*Extracted material*.
• • • • • • •

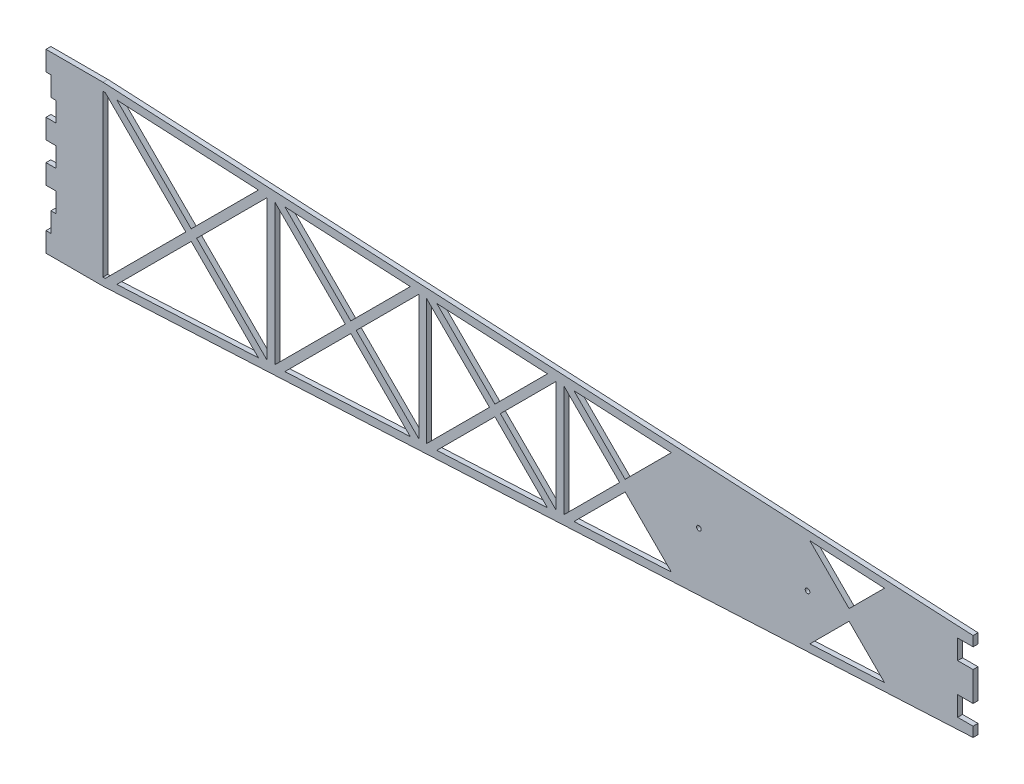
ISO-10303-21;
HEADER;
FILE_DESCRIPTION(('STEP AP214'),'2;1');
FILE_NAME('part.step','',(''),(''),'','','');
FILE_SCHEMA(('AUTOMOTIVE_DESIGN { 1 0 10303 214 1 1 1 1 }'));
ENDSEC;
DATA;
#1=APPLICATION_CONTEXT('core data for automotive mechanical design processes');
#2=APPLICATION_PROTOCOL_DEFINITION('international standard','automotive_design',2000,#1);
#3=PRODUCT_CONTEXT('',#1,'mechanical');
#4=PRODUCT('Part','Part','',(#3));
#5=PRODUCT_RELATED_PRODUCT_CATEGORY('part','',(#4));
#6=PRODUCT_DEFINITION_FORMATION('','',#4);
#7=PRODUCT_DEFINITION_CONTEXT('part definition',#1,'design');
#8=PRODUCT_DEFINITION('design','',#6,#7);
#9=PRODUCT_DEFINITION_SHAPE('','',#8);
#10=(LENGTH_UNIT() NAMED_UNIT(*) SI_UNIT(.MILLI.,.METRE.));
#11=(NAMED_UNIT(*) PLANE_ANGLE_UNIT() SI_UNIT($,.RADIAN.));
#12=(NAMED_UNIT(*) SI_UNIT($,.STERADIAN.) SOLID_ANGLE_UNIT());
#13=UNCERTAINTY_MEASURE_WITH_UNIT(LENGTH_MEASURE(1.E-05),#10,'distance_accuracy_value','');
#14=(GEOMETRIC_REPRESENTATION_CONTEXT(3) GLOBAL_UNCERTAINTY_ASSIGNED_CONTEXT((#13)) GLOBAL_UNIT_ASSIGNED_CONTEXT((#10,
#11,#12)) REPRESENTATION_CONTEXT('',''));
#15=CARTESIAN_POINT('',(0.,0.,0.));
#16=DIRECTION('',(0.,0.,1.));
#17=DIRECTION('',(1.,0.,0.));
#18=AXIS2_PLACEMENT_3D('',#15,#16,#17);
#19=CARTESIAN_POINT('',(0.,0.,-3.175));
#20=DIRECTION('',(0.,0.,1.));
#21=DIRECTION('',(1.,0.,0.));
#22=AXIS2_PLACEMENT_3D('',#19,#20,#21);
#23=PLANE('',#22);
#24=CARTESIAN_POINT('',(422.53,57.15,-3.175));
#25=DIRECTION('',(0.,0.,1.));
#26=DIRECTION('',(1.,0.,0.));
#27=AXIS2_PLACEMENT_3D('',#24,#25,#26);
#28=CIRCLE('',#27,1.50000000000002);
#29=CARTESIAN_POINT('',(424.03,57.15,-3.175));
#30=VERTEX_POINT('',#29);
#31=EDGE_CURVE('E1129',#30,#30,#28,.T.);
#32=ORIENTED_EDGE('',*,*,#31,.T.);
#33=EDGE_LOOP('',(#32));
#34=FACE_BOUND('',#33,.T.);
#35=CARTESIAN_POINT('',(492.8318717,57.15,-3.175));
#36=DIRECTION('',(0.,0.,1.));
#37=DIRECTION('',(1.,0.,0.));
#38=AXIS2_PLACEMENT_3D('',#35,#36,#37);
#39=CIRCLE('',#38,1.49999999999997);
#40=CARTESIAN_POINT('',(494.3318717,57.15,-3.175));
#41=VERTEX_POINT('',#40);
#42=EDGE_CURVE('E1122',#41,#41,#39,.T.);
#43=ORIENTED_EDGE('',*,*,#42,.T.);
#44=EDGE_LOOP('',(#43));
#45=FACE_BOUND('',#44,.T.);
#46=DIRECTION('',(0.707106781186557,0.707106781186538,0.));
#47=VECTOR('',#46,1.);
#48=CARTESIAN_POINT('',(71.8132906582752,-71.8132906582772,-3.175));
#49=LINE('',#48,#47);
#50=CARTESIAN_POINT('',(154.609072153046,10.9824908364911,-3.175));
#51=VERTEX_POINT('',#50);
#52=CARTESIAN_POINT('',(197.241047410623,53.6144660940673,-3.175));
#53=VERTEX_POINT('',#52);
#54=EDGE_CURVE('E1344',#51,#53,#49,.T.);
#55=ORIENTED_EDGE('',*,*,#54,.F.);
#56=DIRECTION('',(0.998715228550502,0.0506743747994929,0.));
#57=VECTOR('',#56,1.);
#58=CARTESIAN_POINT('',(-0.158796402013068,3.12963673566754,-3.175));
#59=LINE('',#58,#57);
#60=CARTESIAN_POINT('',(235.755679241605,15.0998342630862,-3.175));
#61=VERTEX_POINT('',#60);
#62=EDGE_CURVE('E1346',#51,#61,#59,.T.);
#63=ORIENTED_EDGE('',*,*,#62,.T.);
#64=DIRECTION('',(0.707106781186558,-0.707106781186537,0.));
#65=VECTOR('',#64,1.);
#66=CARTESIAN_POINT('',(125.427756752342,125.427756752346,-3.175));
#67=LINE('',#66,#65);
#68=EDGE_CURVE('E1350',#53,#61,#67,.T.);
#69=ORIENTED_EDGE('',*,*,#68,.F.);
#70=EDGE_LOOP('',(#55,#63,#69));
#71=FACE_BOUND('',#70,.T.);
#72=DIRECTION('',(0.998715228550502,-0.0506743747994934,0.));
#73=VECTOR('',#72,1.);
#74=CARTESIAN_POINT('',(5.62584313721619,110.876853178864,-3.175));
#75=LINE('',#74,#73);
#76=CARTESIAN_POINT('',(154.609072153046,103.317509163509,-3.175));
#77=VERTEX_POINT('',#76);
#78=CARTESIAN_POINT('',(235.755679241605,99.2001657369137,-3.175));
#79=VERTEX_POINT('',#78);
#80=EDGE_CURVE('E1367',#77,#79,#75,.T.);
#81=ORIENTED_EDGE('',*,*,#80,.F.);
#82=DIRECTION('',(0.707106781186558,-0.707106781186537,0.));
#83=VECTOR('',#82,1.);
#84=CARTESIAN_POINT('',(128.963290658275,128.963290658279,-3.175));
#85=LINE('',#84,#83);
#86=CARTESIAN_POINT('',(197.241047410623,60.6855339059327,-3.175));
#87=VERTEX_POINT('',#86);
#88=EDGE_CURVE('E1325',#77,#87,#85,.T.);
#89=ORIENTED_EDGE('',*,*,#88,.T.);
#90=DIRECTION('',(0.707106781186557,0.707106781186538,0.));
#91=VECTOR('',#90,1.);
#92=CARTESIAN_POINT('',(68.2777567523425,-68.2777567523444,-3.175));
#93=LINE('',#92,#91);
#94=EDGE_CURVE('E1364',#87,#79,#93,.T.);
#95=ORIENTED_EDGE('',*,*,#94,.T.);
#96=EDGE_LOOP('',(#81,#89,#95));
#97=FACE_BOUND('',#96,.T.);
#98=DIRECTION('',(0.707106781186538,-0.707106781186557,0.));
#99=VECTOR('',#98,1.);
#100=CARTESIAN_POINT('',(172.071868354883,172.071868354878,-3.175));
#101=LINE('',#100,#99);
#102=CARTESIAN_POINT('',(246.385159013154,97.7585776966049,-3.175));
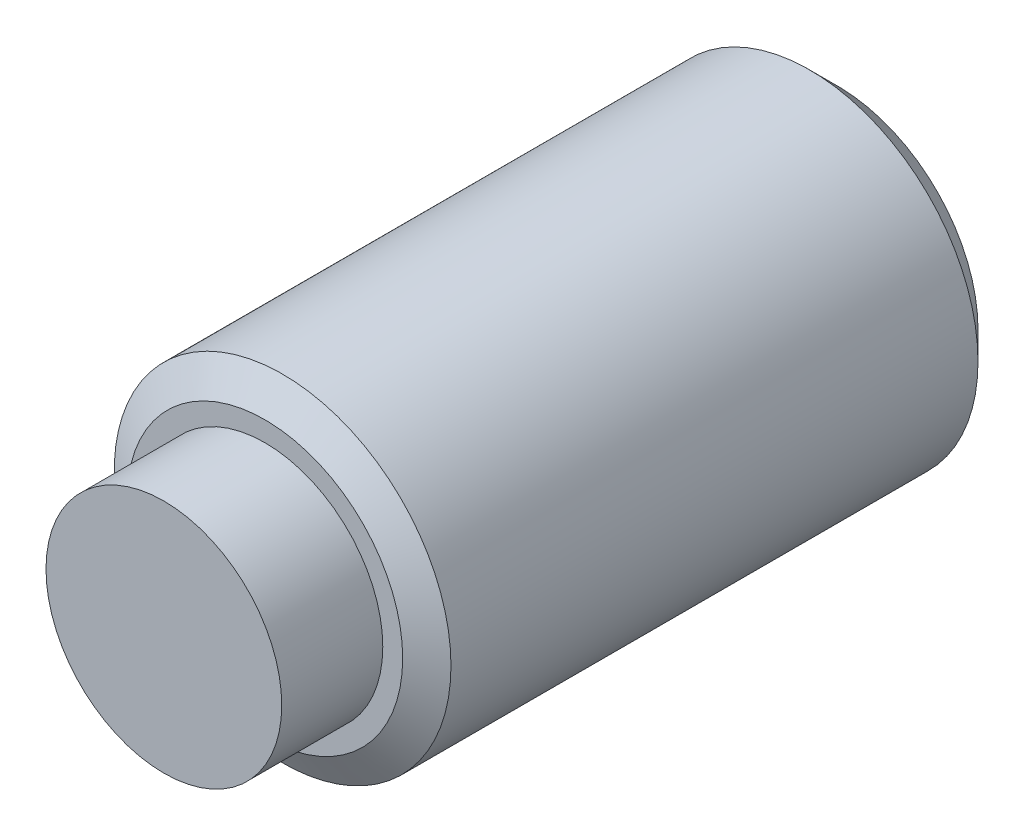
ISO-10303-21;
HEADER;
FILE_DESCRIPTION(('STEP AP214'),'2;1');
FILE_NAME('part.step','',(''),(''),'','','');
FILE_SCHEMA(('AUTOMOTIVE_DESIGN { 1 0 10303 214 1 1 1 1 }'));
ENDSEC;
DATA;
#1=APPLICATION_CONTEXT('core data for automotive mechanical design processes');
#2=APPLICATION_PROTOCOL_DEFINITION('international standard','automotive_design',2000,#1);
#3=PRODUCT_CONTEXT('',#1,'mechanical');
#4=PRODUCT('Part','Part','',(#3));
#5=PRODUCT_RELATED_PRODUCT_CATEGORY('part','',(#4));
#6=PRODUCT_DEFINITION_FORMATION('','',#4);
#7=PRODUCT_DEFINITION_CONTEXT('part definition',#1,'design');
#8=PRODUCT_DEFINITION('design','',#6,#7);
#9=PRODUCT_DEFINITION_SHAPE('','',#8);
#10=(LENGTH_UNIT() NAMED_UNIT(*) SI_UNIT(.MILLI.,.METRE.));
#11=(NAMED_UNIT(*) PLANE_ANGLE_UNIT() SI_UNIT($,.RADIAN.));
#12=(NAMED_UNIT(*) SI_UNIT($,.STERADIAN.) SOLID_ANGLE_UNIT());
#13=UNCERTAINTY_MEASURE_WITH_UNIT(LENGTH_MEASURE(1.E-05),#10,'distance_accuracy_value','');
#14=(GEOMETRIC_REPRESENTATION_CONTEXT(3) GLOBAL_UNCERTAINTY_ASSIGNED_CONTEXT((#13)) GLOBAL_UNIT_ASSIGNED_CONTEXT((#10,
#11,#12)) REPRESENTATION_CONTEXT('',''));
#15=CARTESIAN_POINT('',(0.,0.,0.));
#16=DIRECTION('',(0.,0.,1.));
#17=DIRECTION('',(1.,0.,0.));
#18=AXIS2_PLACEMENT_3D('',#15,#16,#17);
#19=CARTESIAN_POINT('',(0.,0.,10.));
#20=DIRECTION('',(0.,0.,-1.));
#21=DIRECTION('',(-1.,0.,0.));
#22=AXIS2_PLACEMENT_3D('',#19,#20,#21);
#23=CYLINDRICAL_SURFACE('',#22,2.5);
#24=CARTESIAN_POINT('',(0.,0.,8.23753333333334));
#25=DIRECTION('',(0.,0.,1.));
#26=DIRECTION('',(1.,0.,0.));
#27=AXIS2_PLACEMENT_3D('',#24,#25,#26);
#28=CIRCLE('',#27,2.5);
#29=CARTESIAN_POINT('',(2.5,0.,8.23753333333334));
#30=VERTEX_POINT('',#29);
#31=EDGE_CURVE('E11',#30,#30,#28,.F.);
#32=ORIENTED_EDGE('',*,*,#31,.T.);
#33=EDGE_LOOP('',(#32));
#34=FACE_BOUND('',#33,.T.);
#35=CARTESIAN_POINT('',(0.,0.,0.41333333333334));
#36=DIRECTION('',(0.,0.,1.));
#37=DIRECTION('',(1.,0.,0.));
#38=AXIS2_PLACEMENT_3D('',#35,#36,#37);
#39=CIRCLE('',#38,2.5);
#40=CARTESIAN_POINT('',(2.5,0.,0.41333333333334));
#41=VERTEX_POINT('',#40);
#42=EDGE_CURVE('E160',#41,#41,#39,.T.);
#43=ORIENTED_EDGE('',*,*,#42,.T.);
#44=EDGE_LOOP('',(#43));
#45=FACE_BOUND('',#44,.T.);
#46=ADVANCED_FACE('F42',(#34,#45),#23,.T.);
#47=CARTESIAN_POINT('',(0.,0.,0.));
#48=DIRECTION('',(0.,0.,1.));
#49=DIRECTION('',(1.,0.,0.));
#50=AXIS2_PLACEMENT_3D('',#47,#48,#49);
#51=PLANE('',#50);
#52=CARTESIAN_POINT('',(0.,0.,0.));
#53=DIRECTION('',(0.,0.,1.));
#54=DIRECTION('',(1.,0.,0.));
#55=AXIS2_PLACEMENT_3D('',#52,#53,#54);
#56=CIRCLE('',#55,2.08666666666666);
#57=CARTESIAN_POINT('',(2.08666666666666,0.,0.));
#58=VERTEX_POINT('',#57);
#59=EDGE_CURVE('E171',#58,#58,#56,.F.);
#60=ORIENTED_EDGE('',*,*,#59,.T.);
#61=EDGE_LOOP('',(#60));
#62=FACE_BOUND('',#61,.T.);
#63=DIRECTION('',(-0.866025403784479,-0.499999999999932,0.));
#64=VECTOR('',#63,1.);
#65=CARTESIAN_POINT('',(0.,1.45492267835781,0.));
#66=LINE('',#65,#64);
#67=CARTESIAN_POINT('',(0.,1.45492267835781,0.));
#68=VERTEX_POINT('',#67);
#69=CARTESIAN_POINT('',(-1.26000000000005,0.727461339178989,0.));
#70=VERTEX_POINT('',#69);
#71=EDGE_CURVE('E145',#68,#70,#66,.T.);
#72=ORIENTED_EDGE('',*,*,#71,.T.);
#73=DIRECTION('',(0.,1.,0.));
#74=VECTOR('',#73,1.);
#75=CARTESIAN_POINT('',(-1.26000000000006,-0.727461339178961,0.));
#76=LINE('',#75,#74);
#77=CARTESIAN_POINT('',(-1.26000000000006,-0.727461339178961,0.));
#78=VERTEX_POINT('',#77);
#79=EDGE_CURVE('E58',#78,#70,#76,.T.);
#80=ORIENTED_EDGE('',*,*,#79,.F.);
#81=DIRECTION('',(-0.866025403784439,0.500000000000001,0.));
#82=VECTOR('',#81,1.);
#83=CARTESIAN_POINT('',(0.,-1.45492267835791,0.));
#84=LINE('',#83,#82);
#85=CARTESIAN_POINT('',(0.,-1.45492267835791,0.));
#86=VERTEX_POINT('',#85);
#87=EDGE_CURVE('E155',#86,#78,#84,.T.);
#88=ORIENTED_EDGE('',*,*,#87,.F.);
#89=DIRECTION('',(0.866025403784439,0.5,0.));
#90=VECTOR('',#89,1.);
#91=CARTESIAN_POINT('',(0.,-1.45492267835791,0.));
#92=LINE('',#91,#90);
#93=CARTESIAN_POINT('',(1.26000000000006,-0.727461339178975,0.));
#94=VERTEX_POINT('',#93);
#95=EDGE_CURVE('E153',#86,#94,#92,.T.);
#96=ORIENTED_EDGE('',*,*,#95,.T.);
#97=DIRECTION('',(0.,1.,0.));
#98=VECTOR('',#97,1.);
#99=CARTESIAN_POINT('',(1.26000000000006,-0.727461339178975,0.));
#100=LINE('',#99,#98);
#101=CARTESIAN_POINT('',(1.26000000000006,0.727461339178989,0.));
#102=VERTEX_POINT('',#101);
#103=EDGE_CURVE('E124',#94,#102,#100,.T.);
#104=ORIENTED_EDGE('',*,*,#103,.T.);
#105=DIRECTION('',(0.866025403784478,-0.499999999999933,0.));
#106=VECTOR('',#105,1.);
#107=CARTESIAN_POINT('',(0.,1.45492267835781,0.));
#108=LINE('',#107,#106);
#109=EDGE_CURVE('E149',#68,#102,#108,.T.);
#110=ORIENTED_EDGE('',*,*,#109,.F.);
#111=EDGE_LOOP('',(#72,#80,#88,#96,#104,#110));
#112=FACE_BOUND('',#111,.T.);
#113=ADVANCED_FACE('F192',(#62,#112),#51,.F.);
#114=CARTESIAN_POINT('',(-1.26000000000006,-0.727461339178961,1.27));
#115=DIRECTION('',(-1.,0.,0.));
#116=DIRECTION('',(0.,0.,1.));
#117=AXIS2_PLACEMENT_3D('',#114,#115,#116);
#118=PLANE('',#117);
#119=ORIENTED_EDGE('',*,*,#79,.T.);
#120=DIRECTION('',(0.,0.,-1.));
#121=VECTOR('',#120,1.);
#122=CARTESIAN_POINT('',(-1.26000000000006,0.727461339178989,1.27));
#123=LINE('',#122,#121);
#124=CARTESIAN_POINT('',(-1.26000000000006,0.727461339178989,1.27));
#125=VERTEX_POINT('',#124);
#126=EDGE_CURVE('E143',#125,#70,#123,.T.);
#127=ORIENTED_EDGE('',*,*,#126,.F.);
#128=DIRECTION('',(0.,1.,0.));
#129=VECTOR('',#128,1.);
#130=CARTESIAN_POINT('',(-1.26000000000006,-0.727461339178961,1.27));
#131=LINE('',#130,#129);
#132=CARTESIAN_POINT('',(-1.26000000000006,-0.727461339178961,1.27));
#133=VERTEX_POINT('',#132);
#134=EDGE_CURVE('E157',#133,#125,#131,.T.);
#135=ORIENTED_EDGE('',*,*,#134,.F.);
#136=DIRECTION('',(0.,0.,-1.));
#137=VECTOR('',#136,1.);
#138=CARTESIAN_POINT('',(-1.26000000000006,-0.727461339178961,1.27));
#139=LINE('',#138,#137);
#140=EDGE_CURVE('E68',#133,#78,#139,.T.);
#141=ORIENTED_EDGE('',*,*,#140,.T.);
#142=EDGE_LOOP('',(#119,#127,#135,#141));
#143=FACE_BOUND('',#142,.T.);
#144=ADVANCED_FACE('F198',(#143),#118,.F.);
#145=CARTESIAN_POINT('',(0.,-1.45492267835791,1.27));
#146=DIRECTION('',(-0.500000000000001,-0.866025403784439,0.));
#147=DIRECTION('',(0.866025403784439,-0.500000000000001,0.));
#148=AXIS2_PLACEMENT_3D('',#145,#146,#147);
#149=PLANE('',#148);
#150=ORIENTED_EDGE('',*,*,#87,.T.);
#151=ORIENTED_EDGE('',*,*,#140,.F.);
#152=DIRECTION('',(-0.866025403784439,0.500000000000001,0.));
#153=VECTOR('',#152,1.);
#154=CARTESIAN_POINT('',(0.,-1.45492267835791,1.27));
#155=LINE('',#154,#153);
#156=CARTESIAN_POINT('',(0.,-1.45492267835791,1.27));
#157=VERTEX_POINT('',#156);
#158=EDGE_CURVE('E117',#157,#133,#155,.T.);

• • • • • • •

*About this exercise*. In the listing above, find the line with "#121=VECTOR('',#120,1.);" and the line with "#126=EDGE_CURVE('E143',#125,#70,#123,.T.);", then print exactly those lines and every line between them.

*Solution for this exercise*.
#121=VECTOR('',#120,1.);
#122=CARTESIAN_POINT('',(-1.26000000000006,0.727461339178989,1.27));
#123=LINE('',#122,#121);
#124=CARTESIAN_POINT('',(-1.26000000000006,0.727461339178989,1.27));
#125=VERTEX_POINT('',#124);
#126=EDGE_CURVE('E143',#125,#70,#123,.T.);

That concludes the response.